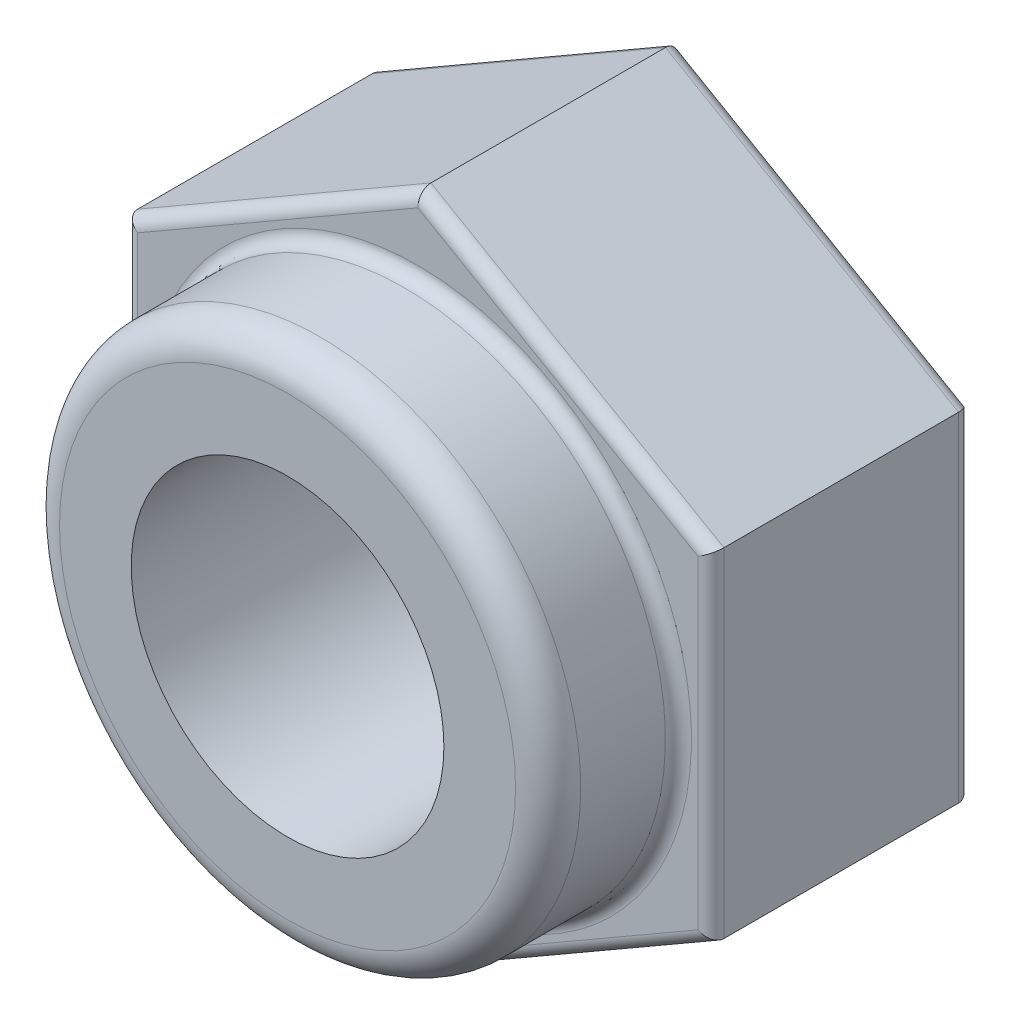
ISO-10303-21;
HEADER;
FILE_DESCRIPTION(('STEP AP214'),'2;1');
FILE_NAME('part.step','',(''),(''),'','','');
FILE_SCHEMA(('AUTOMOTIVE_DESIGN { 1 0 10303 214 1 1 1 1 }'));
ENDSEC;
DATA;
#1=APPLICATION_CONTEXT('core data for automotive mechanical design processes');
#2=APPLICATION_PROTOCOL_DEFINITION('international standard','automotive_design',2000,#1);
#3=PRODUCT_CONTEXT('',#1,'mechanical');
#4=PRODUCT('Part','Part','',(#3));
#5=PRODUCT_RELATED_PRODUCT_CATEGORY('part','',(#4));
#6=PRODUCT_DEFINITION_FORMATION('','',#4);
#7=PRODUCT_DEFINITION_CONTEXT('part definition',#1,'design');
#8=PRODUCT_DEFINITION('design','',#6,#7);
#9=PRODUCT_DEFINITION_SHAPE('','',#8);
#10=(LENGTH_UNIT() NAMED_UNIT(*) SI_UNIT(.MILLI.,.METRE.));
#11=(NAMED_UNIT(*) PLANE_ANGLE_UNIT() SI_UNIT($,.RADIAN.));
#12=(NAMED_UNIT(*) SI_UNIT($,.STERADIAN.) SOLID_ANGLE_UNIT());
#13=UNCERTAINTY_MEASURE_WITH_UNIT(LENGTH_MEASURE(1.E-05),#10,'distance_accuracy_value','');
#14=(GEOMETRIC_REPRESENTATION_CONTEXT(3) GLOBAL_UNCERTAINTY_ASSIGNED_CONTEXT((#13)) GLOBAL_UNIT_ASSIGNED_CONTEXT((#10,
#11,#12)) REPRESENTATION_CONTEXT('',''));
#15=CARTESIAN_POINT('',(0.,0.,0.));
#16=DIRECTION('',(0.,0.,1.));
#17=DIRECTION('',(1.,0.,0.));
#18=AXIS2_PLACEMENT_3D('',#15,#16,#17);
#19=CARTESIAN_POINT('',(-5.715,3.29955678841871,5.08));
#20=DIRECTION('',(0.5,-0.866025403784439,0.));
#21=DIRECTION('',(0.866025403784439,0.5,0.));
#22=AXIS2_PLACEMENT_3D('',#19,#20,#21);
#23=PLANE('',#22);
#24=DIRECTION('',(0.,0.,-1.));
#25=VECTOR('',#24,1.);
#26=CARTESIAN_POINT('',(-5.715,3.29955678841871,5.08));
#27=LINE('',#26,#25);
#28=CARTESIAN_POINT('',(-5.715,3.29955678841871,4.826));
#29=VERTEX_POINT('',#28);
#30=CARTESIAN_POINT('',(-5.715,3.29955678841871,0.254));
#31=VERTEX_POINT('',#30);
#32=EDGE_CURVE('E131',#29,#31,#27,.T.);
#33=ORIENTED_EDGE('',*,*,#32,.F.);
#34=DIRECTION('',(-0.866025403784439,-0.5,0.));
#35=VECTOR('',#34,1.);
#36=CARTESIAN_POINT('',(-5.715,3.29955678841871,4.826));
#37=LINE('',#36,#35);
#38=CARTESIAN_POINT('',(0.,6.59911357683743,4.826));
#39=VERTEX_POINT('',#38);
#40=EDGE_CURVE('E42',#29,#39,#37,.F.);
#41=ORIENTED_EDGE('',*,*,#40,.T.);
#42=DIRECTION('',(0.,0.,-1.));
#43=VECTOR('',#42,1.);
#44=CARTESIAN_POINT('',(0.,6.59911357683743,5.08));
#45=LINE('',#44,#43);
#46=CARTESIAN_POINT('',(0.,6.59911357683743,0.254));
#47=VERTEX_POINT('',#46);
#48=EDGE_CURVE('E259',#39,#47,#45,.T.);
#49=ORIENTED_EDGE('',*,*,#48,.T.);
#50=DIRECTION('',(-0.866025403784439,-0.5,0.));
#51=VECTOR('',#50,1.);
#52=CARTESIAN_POINT('',(-5.715,3.29955678841871,0.254));
#53=LINE('',#52,#51);
#54=EDGE_CURVE('E184',#47,#31,#53,.T.);
#55=ORIENTED_EDGE('',*,*,#54,.T.);
#56=EDGE_LOOP('',(#33,#41,#49,#55));
#57=FACE_BOUND('',#56,.T.);
#58=ADVANCED_FACE('F33',(#57),#23,.F.);
#59=CARTESIAN_POINT('',(-5.715,3.29955678841871,5.08));
#60=DIRECTION('',(1.,0.,0.));
#61=DIRECTION('',(0.,0.,-1.));
#62=AXIS2_PLACEMENT_3D('',#59,#60,#61);
#63=PLANE('',#62);
#64=DIRECTION('',(0.,0.,-1.));
#65=VECTOR('',#64,1.);
#66=CARTESIAN_POINT('',(-5.715,-3.29955678841871,5.08));
#67=LINE('',#66,#65);
#68=CARTESIAN_POINT('',(-5.715,-3.29955678841871,4.826));
#69=VERTEX_POINT('',#68);
#70=CARTESIAN_POINT('',(-5.715,-3.29955678841871,0.254));
#71=VERTEX_POINT('',#70);
#72=EDGE_CURVE('E123',#69,#71,#67,.T.);
#73=ORIENTED_EDGE('',*,*,#72,.F.);
#74=DIRECTION('',(0.,-1.,0.));
#75=VECTOR('',#74,1.);
#76=CARTESIAN_POINT('',(-5.715,3.29955678841871,4.826));
#77=LINE('',#76,#75);
#78=EDGE_CURVE('E50',#69,#29,#77,.F.);
#79=ORIENTED_EDGE('',*,*,#78,.T.);
#80=ORIENTED_EDGE('',*,*,#32,.T.);
#81=DIRECTION('',(0.,-1.,0.));
#82=VECTOR('',#81,1.);
#83=CARTESIAN_POINT('',(-5.715,-3.29955678841871,0.254));
#84=LINE('',#83,#82);
#85=EDGE_CURVE('E140',#31,#71,#84,.T.);
#86=ORIENTED_EDGE('',*,*,#85,.T.);
#87=EDGE_LOOP('',(#73,#79,#80,#86));
#88=FACE_BOUND('',#87,.T.);
#89=ADVANCED_FACE('F153',(#88),#63,.F.);
#90=CARTESIAN_POINT('',(-5.715,-3.29955678841871,5.08));
#91=DIRECTION('',(0.5,0.866025403784439,0.));
#92=DIRECTION('',(-0.866025403784439,0.5,0.));
#93=AXIS2_PLACEMENT_3D('',#90,#91,#92);
#94=PLANE('',#93);
#95=DIRECTION('',(0.,0.,-1.));
#96=VECTOR('',#95,1.);
#97=CARTESIAN_POINT('',(0.,-6.59911357683743,5.08));
#98=LINE('',#97,#96);
#99=CARTESIAN_POINT('',(0.,-6.59911357683743,4.826));
#100=VERTEX_POINT('',#99);
#101=CARTESIAN_POINT('',(0.,-6.59911357683743,0.254));
#102=VERTEX_POINT('',#101);
#103=EDGE_CURVE('E132',#100,#102,#98,.T.);
#104=ORIENTED_EDGE('',*,*,#103,.F.);
#105=DIRECTION('',(0.866025403784439,-0.5,0.));
#106=VECTOR('',#105,1.);
#107=CARTESIAN_POINT('',(-5.715,-3.29955678841871,4.826));
#108=LINE('',#107,#106);
#109=EDGE_CURVE('E58',#100,#69,#108,.F.);
#110=ORIENTED_EDGE('',*,*,#109,.T.);
#111=ORIENTED_EDGE('',*,*,#72,.T.);
#112=DIRECTION('',(0.866025403784439,-0.5,0.));
#113=VECTOR('',#112,1.);
#114=CARTESIAN_POINT('',(0.,-6.59911357683743,0.254));
#115=LINE('',#114,#113);
#116=EDGE_CURVE('E127',#71,#102,#115,.T.);
#117=ORIENTED_EDGE('',*,*,#116,.T.);
#118=EDGE_LOOP('',(#104,#110,#111,#117));
#119=FACE_BOUND('',#118,.T.);
#120=ADVANCED_FACE('F125',(#119),#94,.F.);
#121=CARTESIAN_POINT('',(0.,-6.59911357683743,5.08));
#122=DIRECTION('',(-0.500000000000001,0.866025403784438,0.));
#123=DIRECTION('',(-0.866025403784438,-0.500000000000001,0.));
#124=AXIS2_PLACEMENT_3D('',#121,#122,#123);
#125=PLANE('',#124);
#126=DIRECTION('',(0.,0.,-1.));
#127=VECTOR('',#126,1.);
#128=CARTESIAN_POINT('',(5.715,-3.29955678841871,5.08));
#129=LINE('',#128,#127);
#130=CARTESIAN_POINT('',(5.715,-3.29955678841871,4.826));
#131=VERTEX_POINT('',#130);
#132=CARTESIAN_POINT('',(5.715,-3.29955678841871,0.254));
#133=VERTEX_POINT('',#132);
#134=EDGE_CURVE('E279',#131,#133,#129,.T.);
#135=ORIENTED_EDGE('',*,*,#134,.F.);
#136=DIRECTION('',(0.866025403784438,0.500000000000001,0.));
#137=VECTOR('',#136,1.);
#138=CARTESIAN_POINT('',(0.,-6.59911357683743,4.826));
#139=LINE('',#138,#137);
#140=EDGE_CURVE('E222',#131,#100,#139,.F.);
#141=ORIENTED_EDGE('',*,*,#140,.T.);
#142=ORIENTED_EDGE('',*,*,#103,.T.);
#143=DIRECTION('',(0.866025403784438,0.500000000000001,0.));
#144=VECTOR('',#143,1.);
#145=CARTESIAN_POINT('',(5.715,-3.29955678841871,0.254));
#146=LINE('',#145,#144);
#147=EDGE_CURVE('E151',#102,#133,#146,.T.);
#148=ORIENTED_EDGE('',*,*,#147,.T.);
#149=EDGE_LOOP('',(#135,#141,#142,#148));
#150=FACE_BOUND('',#149,.T.);
#151=ADVANCED_FACE('F281',(#150),#125,.F.);
#152=CARTESIAN_POINT('',(5.715,3.29955678841871,5.08));
#153=DIRECTION('',(-1.,0.,0.));
#154=DIRECTION('',(0.,-1.,0.));
#155=AXIS2_PLACEMENT_3D('',#152,#153,#154);
#156=PLANE('',#155);
#157=DIRECTION('',(0.,0.,-1.));
#158=VECTOR('',#157,1.);
#159=CARTESIAN_POINT('',(5.715,3.29955678841871,5.08));
#160=LINE('',#159,#158);
#161=CARTESIAN_POINT('',(5.715,3.29955678841871,4.826));
#162=VERTEX_POINT('',#161);
#163=CARTESIAN_POINT('',(5.715,3.29955678841871,0.254));
#164=VERTEX_POINT('',#163);
#165=EDGE_CURVE('E266',#162,#164,#160,.T.);
#166=ORIENTED_EDGE('',*,*,#165,.F.);
#167=DIRECTION('',(0.,1.,0.));
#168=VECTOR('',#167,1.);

-- What is expected --
Look above for the line containing "#157=DIRECTION('',(0.,0.,-1.));", then transcribe it and all lines after it through the last, exactly and with nothing else.

-- Solved exercise --
#157=DIRECTION('',(0.,0.,-1.));
#158=VECTOR('',#157,1.);
#159=CARTESIAN_POINT('',(5.715,3.29955678841871,5.08));
#160=LINE('',#159,#158);
#161=CARTESIAN_POINT('',(5.715,3.29955678841871,4.826));
#162=VERTEX_POINT('',#161);
#163=CARTESIAN_POINT('',(5.715,3.29955678841871,0.254));
#164=VERTEX_POINT('',#163);
#165=EDGE_CURVE('E266',#162,#164,#160,.T.);
#166=ORIENTED_EDGE('',*,*,#165,.F.);
#167=DIRECTION('',(0.,1.,0.));
#168=VECTOR('',#167,1.);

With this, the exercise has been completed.